>>

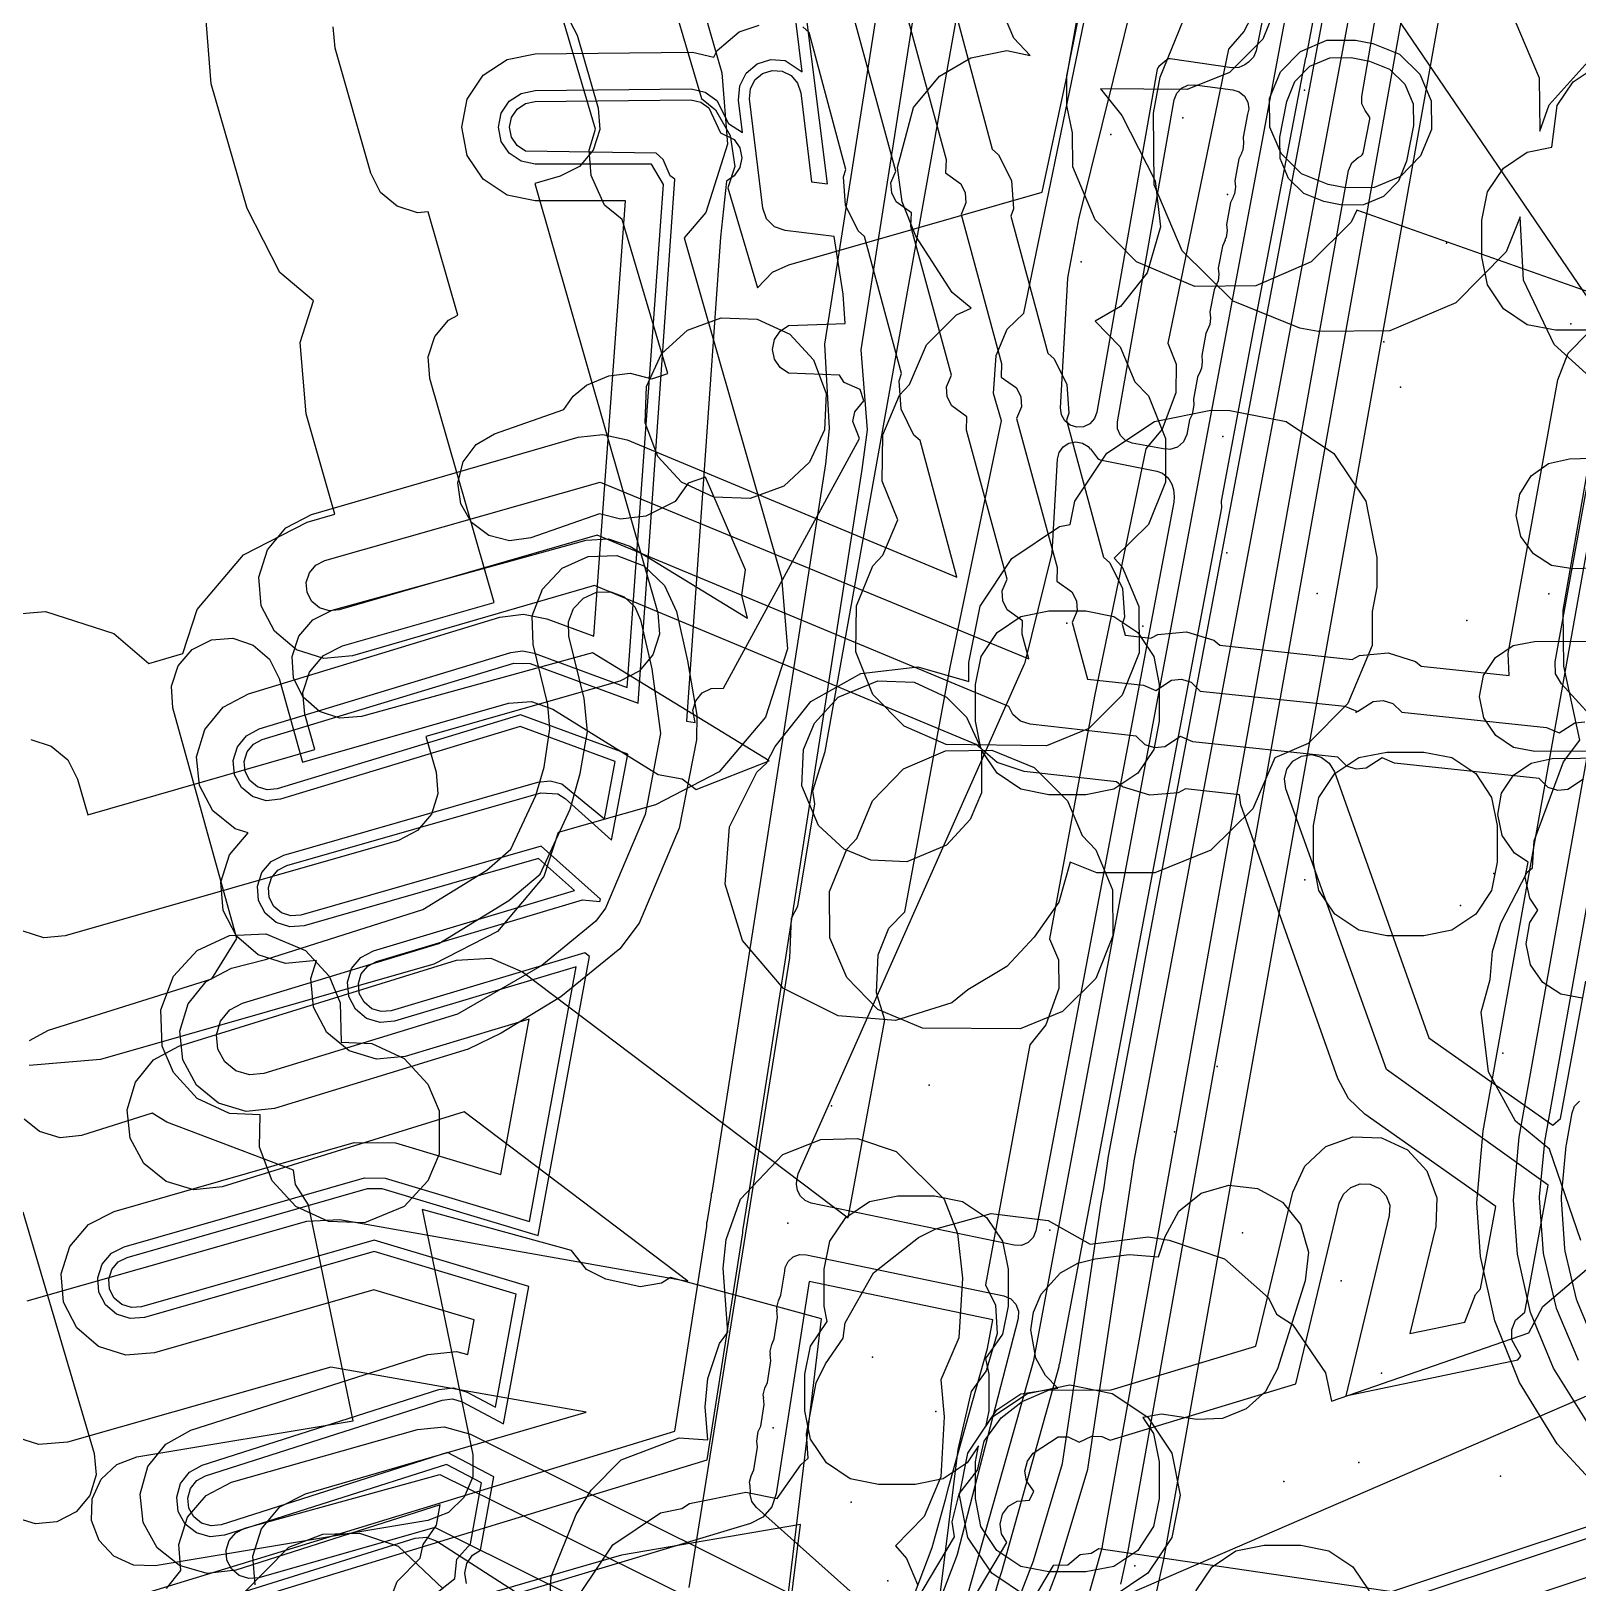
# Model space of a CAD drawing. Header units: metres. Extents: x 3158 to 3711, y 9867 to 11440.
# Drawn here: x 3222.8 to 3264.88, y 10151.69 to 10193.91 of the extents above; entities that cross this region are included whole.
import ezdxf

# ---------------------------------------------------------------- set-up
doc = ezdxf.new("R2010")
doc.units = ezdxf.units.M
for name, color, linetype in [('AI_GREENING_EXCLUSIONS', 1, 'Continuous'), ('AI_GREENING_LAWN', 82, 'Continuous'), ('AI_GREENING_REJECTED', 6, 'Continuous')]:
    doc.layers.add(name, color=color, linetype=linetype)

msp = doc.modelspace()

# ---------------------------------------------------------------- linework, layer by layer
at = {"layer": 'AI_GREENING_EXCLUSIONS'}
for points in [[(3302.991, 10160.077), (3298.639, 10158.735), (3294.008, 10157.238), (3293.84, 10157.145), (3276.48, 10151.582), (3274.729, 10151.181), (3272.797, 10151.068), (3270.903, 10151.29), (3269.089, 10151.831), (3267.396, 10152.673), (3265.864, 10153.8), (3264.315, 10155.478), (3263.287, 10157.147), (3262.616, 10158.82), (3262.23, 10160.571), (3262.129, 10162.034), (3262.295, 10163.994), (3267.082, 10190.755), (3267.713, 10195.067), (3268.015, 10196.834), (3268.123, 10197.539), (3268.373, 10200.876), (3269.659, 10229.756)], [(3302.687, 10161.029), (3298.334, 10159.688), (3293.703, 10158.191), (3293.535, 10158.098), (3276.175, 10152.535), (3274.51, 10152.157), (3272.755, 10152.067), (3271.035, 10152.281), (3269.39, 10152.784), (3267.855, 10153.561), (3266.469, 10154.596), (3265.159, 10156.016), (3264.209, 10157.532), (3263.59, 10159.05), (3263.228, 10160.639), (3263.127, 10162.103), (3263.28, 10163.818), (3268.069, 10190.595), (3268.703, 10194.923), (3269.008, 10196.71), (3269.115, 10197.41), (3269.372, 10200.823), (3270.657, 10229.693)], [(3239.901, 10195.91), (3241.037, 10192.072), (3241.422, 10191.767), (3241.815, 10191.069), (3241.947, 10190.22), (3241.757, 10189.641), (3242.561, 10186.926), (3242.973, 10187.344), (3243.409, 10187.549), (3250.305, 10189.525), (3250.985, 10192.706), (3253.603, 10207.561)], [(3222.236, 10150.294), (3240.308, 10155.818), (3241.179, 10161.389), (3241.18, 10161.493), (3241.204, 10161.549), (3241.309, 10162.222), (3241.309, 10162.284), (3241.324, 10162.318), (3244.419, 10182.13), (3244.523, 10183.1), (3244.394, 10185.393), (3247.348, 10204.22)], [(3222.524, 10149.335), (3241.191, 10155.041), (3242.158, 10161.219), (3242.159, 10161.289), (3242.175, 10161.327), (3242.289, 10162.058), (3242.288, 10162.081), (3242.296, 10162.097), (3245.407, 10181.977), (3245.553, 10183.062), (3245.382, 10185.238), (3248.336, 10204.067)], [(3249.237, 10150.132), (3250.067, 10152.298), (3250.855, 10154.946), (3251.92, 10162.07), (3251.978, 10162.391), (3252.111, 10163.298), (3252.872, 10167.335), (3253.125, 10168.732), (3259.551, 10202.807), (3259.508, 10203.76), (3257.664, 10194.184), (3257.471, 10193.178), (3257.47, 10193.174), (3256.041, 10185.755), (3255.173, 10181.123), (3255.18, 10180.939), (3251.134, 10159.585), (3250.773, 10157.658), (3250.761, 10157.616), (3250.753, 10157.575), (3249.201, 10151.991), (3249.122, 10151.781), (3248.963, 10151.217)], [(3261.646, 10203.047), (3252.633, 10152.568), (3252.437, 10151.66)], [(3262.643, 10202.963), (3253.604, 10152.327), (3253.399, 10151.387)], [(3254.99, 10201.565), (3270.248, 10179.145)], [(3254.99, 10201.565), (3270.248, 10179.145)], [(3240.703, 10151.572), (3243.444, 10168.699), (3243.484, 10169.779), (3243.654, 10170.102), (3244.122, 10172.886), (3244.067, 10173.244), (3244.397, 10174.312), (3249.092, 10200.487)], [(3240.703, 10151.572), (3243.444, 10168.699), (3243.484, 10169.779), (3243.654, 10170.102), (3244.122, 10172.886), (3244.067, 10173.244), (3244.397, 10174.312), (3249.092, 10200.487)], [(3233.675, 10151.299), (3234.325, 10151.815), (3234.382, 10152.342), (3234.754, 10152.758), (3235.057, 10154.413), (3234.103, 10154.919), (3228.064, 10152.989), (3227.676, 10152.945), (3227.301, 10153.053), (3226.996, 10153.296), (3226.807, 10153.637), (3226.763, 10154.025), (3226.871, 10154.4), (3227.114, 10154.705), (3227.455, 10154.894), (3233.895, 10156.953), (3234.288, 10156.996), (3234.668, 10156.884), (3235.435, 10156.477), (3235.997, 10159.546), (3232.136, 10160.707), (3225.885, 10158.916), (3225.496, 10158.884), (3225.124, 10159.003), (3224.826, 10159.255), (3224.648, 10159.602), (3224.616, 10159.991), (3224.735, 10160.362), (3224.987, 10160.66), (3225.334, 10160.839), (3231.867, 10162.71), (3232.431, 10162.707), (3236.359, 10161.526), (3237.631, 10168.452), (3232.687, 10166.971), (3232.299, 10166.935), (3231.926, 10167.049), (3231.625, 10167.298), (3231.442, 10167.642), (3231.406, 10168.031), (3231.52, 10168.404), (3231.769, 10168.705), (3232.113, 10168.887), (3237.579, 10170.525), (3236.604, 10171.397), (3230.227, 10169.57), (3229.838, 10169.538), (3229.467, 10169.657), (3229.169, 10169.909), (3228.99, 10170.256), (3228.958, 10170.645), (3229.077, 10171.016), (3229.329, 10171.314), (3229.676, 10171.493), (3236.584, 10173.472), (3236.917, 10173.509), (3237.243, 10173.434), (3238.395, 10172.479), (3238.691, 10174.04), (3236.107, 10174.991), (3229.585, 10173.011), (3229.197, 10172.972), (3228.823, 10173.085), (3228.522, 10173.333), (3228.338, 10173.677), (3228.299, 10174.065), (3228.413, 10174.439), (3228.66, 10174.74), (3229.004, 10174.924), (3235.847, 10177.002), (3236.166, 10177.045), (3236.482, 10176.984), (3239.012, 10176.053), (3240.002, 10189.736), (3239.675, 10190.288), (3236.515, 10190.288), (3236.132, 10190.365), (3235.808, 10190.581), (3235.591, 10190.906), (3235.515, 10191.288), (3235.591, 10191.671), (3235.808, 10191.996), (3236.132, 10192.212), (3236.515, 10192.288), (3240.758, 10192.334), (3241.138, 10192.246), (3241.456, 10192.019), (3241.774, 10191.393), (3242.152, 10191.148), (3242.047, 10192.024), (3242.077, 10192.413), (3242.254, 10192.761), (3242.55, 10193.015), (3242.921, 10193.136), (3243.31, 10193.106), (3243.772, 10192.797), (3243.304, 10196.637)], [(3234.65, 10151.68), (3234.599, 10151.955), (3234.657, 10152.222), (3234.813, 10152.446), (3235.027, 10152.583), (3235.392, 10154.576), (3234.132, 10155.244), (3227.973, 10153.275), (3227.701, 10153.244), (3227.439, 10153.319), (3227.225, 10153.49), (3227.093, 10153.728), (3227.062, 10154), (3227.137, 10154.262), (3227.307, 10154.476), (3227.546, 10154.608), (3233.986, 10156.667), (3234.262, 10156.697), (3234.527, 10156.618), (3235.656, 10156.02), (3236.34, 10159.756), (3232.138, 10161.02), (3225.802, 10159.204), (3225.53, 10159.182), (3225.27, 10159.265), (3225.061, 10159.442), (3224.936, 10159.684), (3224.914, 10159.957), (3224.997, 10160.217), (3225.174, 10160.425), (3225.416, 10160.55), (3231.95, 10162.422), (3232.344, 10162.419), (3236.594, 10161.142), (3237.99, 10168.734), (3237.86, 10168.834), (3232.601, 10167.259), (3232.329, 10167.233), (3232.068, 10167.313), (3231.858, 10167.487), (3231.73, 10167.729), (3231.704, 10168), (3231.784, 10168.262), (3231.958, 10168.472), (3232.199, 10168.6), (3237.802, 10170.278), (3238.274, 10170.231), (3238.286, 10170.295), (3236.681, 10171.731), (3230.144, 10169.859), (3229.872, 10169.836), (3229.612, 10169.919), (3229.404, 10170.096), (3229.279, 10170.339), (3229.256, 10170.611), (3229.339, 10170.871), (3229.516, 10171.079), (3229.759, 10171.204), (3236.667, 10173.184), (3237.128, 10173.157), (3237.327, 10173.032), (3238.591, 10171.901), (3239.033, 10174.234), (3236.116, 10175.307), (3229.498, 10173.298), (3229.226, 10173.271), (3228.965, 10173.35), (3228.754, 10173.523), (3228.625, 10173.764), (3228.598, 10174.036), (3228.677, 10174.297), (3228.85, 10174.508), (3229.091, 10174.637), (3235.934, 10176.715), (3236.379, 10176.702), (3239.312, 10175.623), (3240.313, 10189.882), (3240.187, 10189.966), (3239.992, 10190.409), (3239.806, 10190.588), (3236.247, 10190.642), (3236.02, 10190.794), (3235.868, 10191.021), (3235.815, 10191.288), (3235.868, 10191.556), (3236.02, 10191.783), (3236.247, 10191.935), (3236.515, 10191.988), (3240.749, 10192.034), (3241.015, 10191.973), (3241.237, 10191.814), (3241.55, 10191.138), (3241.927, 10190.956), (3242.079, 10190.729), (3242.132, 10190.461), (3242.079, 10190.193), (3241.927, 10189.966), (3241.713, 10189.823), (3241.553, 10188.301), (3240.63, 10175.139), (3240.861, 10175.094), (3240.803, 10175.43), (3240.884, 10175.691), (3241.059, 10175.901), (3241.301, 10176.027), (3241.639, 10176.032), (3245.336, 10182.822), (3245.152, 10183.284), (3245.206, 10183.552), (3245.456, 10183.845), (3245.352, 10184.158), (3244.922, 10184.35), (3244.79, 10184.548), (3243.402, 10184.601), (3243.175, 10184.753), (3243.023, 10184.98), (3242.97, 10185.248), (3243.023, 10185.516), (3243.175, 10185.743), (3243.402, 10185.895), (3244.946, 10185.948), (3244.894, 10186.747), (3244.644, 10188.317), (3243.313, 10188.478), (3243.022, 10188.581), (3242.805, 10188.799), (3242.702, 10189.089), (3242.345, 10192.06), (3242.366, 10192.332), (3242.49, 10192.576), (3242.697, 10192.754), (3242.957, 10192.838), (3243.229, 10192.817), (3243.473, 10192.694), (3243.65, 10192.486), (3243.735, 10192.227), (3244.026, 10189.802), (3244.462, 10189.749), (3243.603, 10196.613)], [(3222.764, 10166.45), (3223.278, 10166.731), (3227.72, 10168.123), (3228.395, 10169.222), (3226.661, 10175.501), (3226.618, 10176.084), (3226.802, 10176.64), (3227.184, 10177.083), (3227.707, 10177.346), (3228.291, 10177.389), (3228.846, 10177.205), (3229.289, 10176.822), (3229.552, 10176.299), (3230.182, 10174.021), (3235.79, 10175.628), (3236.41, 10175.672), (3236.994, 10175.461), (3239.855, 10173.686), (3240.508, 10173.562), (3240.896, 10173.278), (3242.877, 10174.06), (3238.075, 10176.992), (3231.786, 10175.26), (3231.203, 10175.217), (3230.647, 10175.402), (3230.205, 10175.784), (3229.942, 10176.308), (3229.9, 10176.891), (3230.084, 10177.447), (3230.467, 10177.89), (3230.99, 10178.152), (3237.904, 10180.057), (3238.512, 10180.096), (3239.084, 10179.891), (3242.289, 10177.934), (3242.132, 10178.563), (3242.23, 10179.252), (3241.142, 10181.774), (3240.679, 10181.613), (3240.318, 10181.112), (3239.521, 10180.713), (3238.838, 10180.626), (3238.261, 10180.77), (3236.398, 10180.12), (3235.818, 10180.039), (3235.252, 10180.186), (3234.785, 10180.538), (3234.488, 10181.043), (3234.407, 10181.622), (3234.553, 10182.189), (3234.906, 10182.656), (3235.41, 10182.953), (3237.289, 10183.608), (3237.546, 10183.977), (3237.911, 10184.27), (3238.515, 10184.524), (3239.095, 10184.605), (3239.683, 10184.442), (3240.122, 10184.596), (3238.883, 10188.781), (3238.4, 10189.166), (3238.04, 10189.981), (3237.985, 10190.667), (3238.156, 10191.236), (3237.037, 10195.018)], [(3256.771, 10194.841), (3256.303, 10193.688), (3255.397, 10192.782), (3254.244, 10192.314), (3251.887, 10192.336), (3252.473, 10191.609), (3253.375, 10189.833), (3253.525, 10188.585), (3253.161, 10187.333), (3252.43, 10186.414), (3251.746, 10186.019), (3252.428, 10185.318), (3252.825, 10184.368), (3253.195, 10183.98), (3253.662, 10182.826), (3253.662, 10181.639), (3253.195, 10180.486), (3252.262, 10179.568), (3252.477, 10179.335), (3252.93, 10178.252), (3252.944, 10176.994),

<<

Brief:
Copy every line above that includes the string "name".

The answer:
for name, color, linetype in [('AI_GREENING_EXCLUSIONS', 1, 'Continuous'), ('AI_GREENING_LAWN', 82, 'Continuous'), ('AI_GREENING_REJECTED', 6, 'Continuous')]:
    doc.layers.add(name, color=color, linetype=linetype)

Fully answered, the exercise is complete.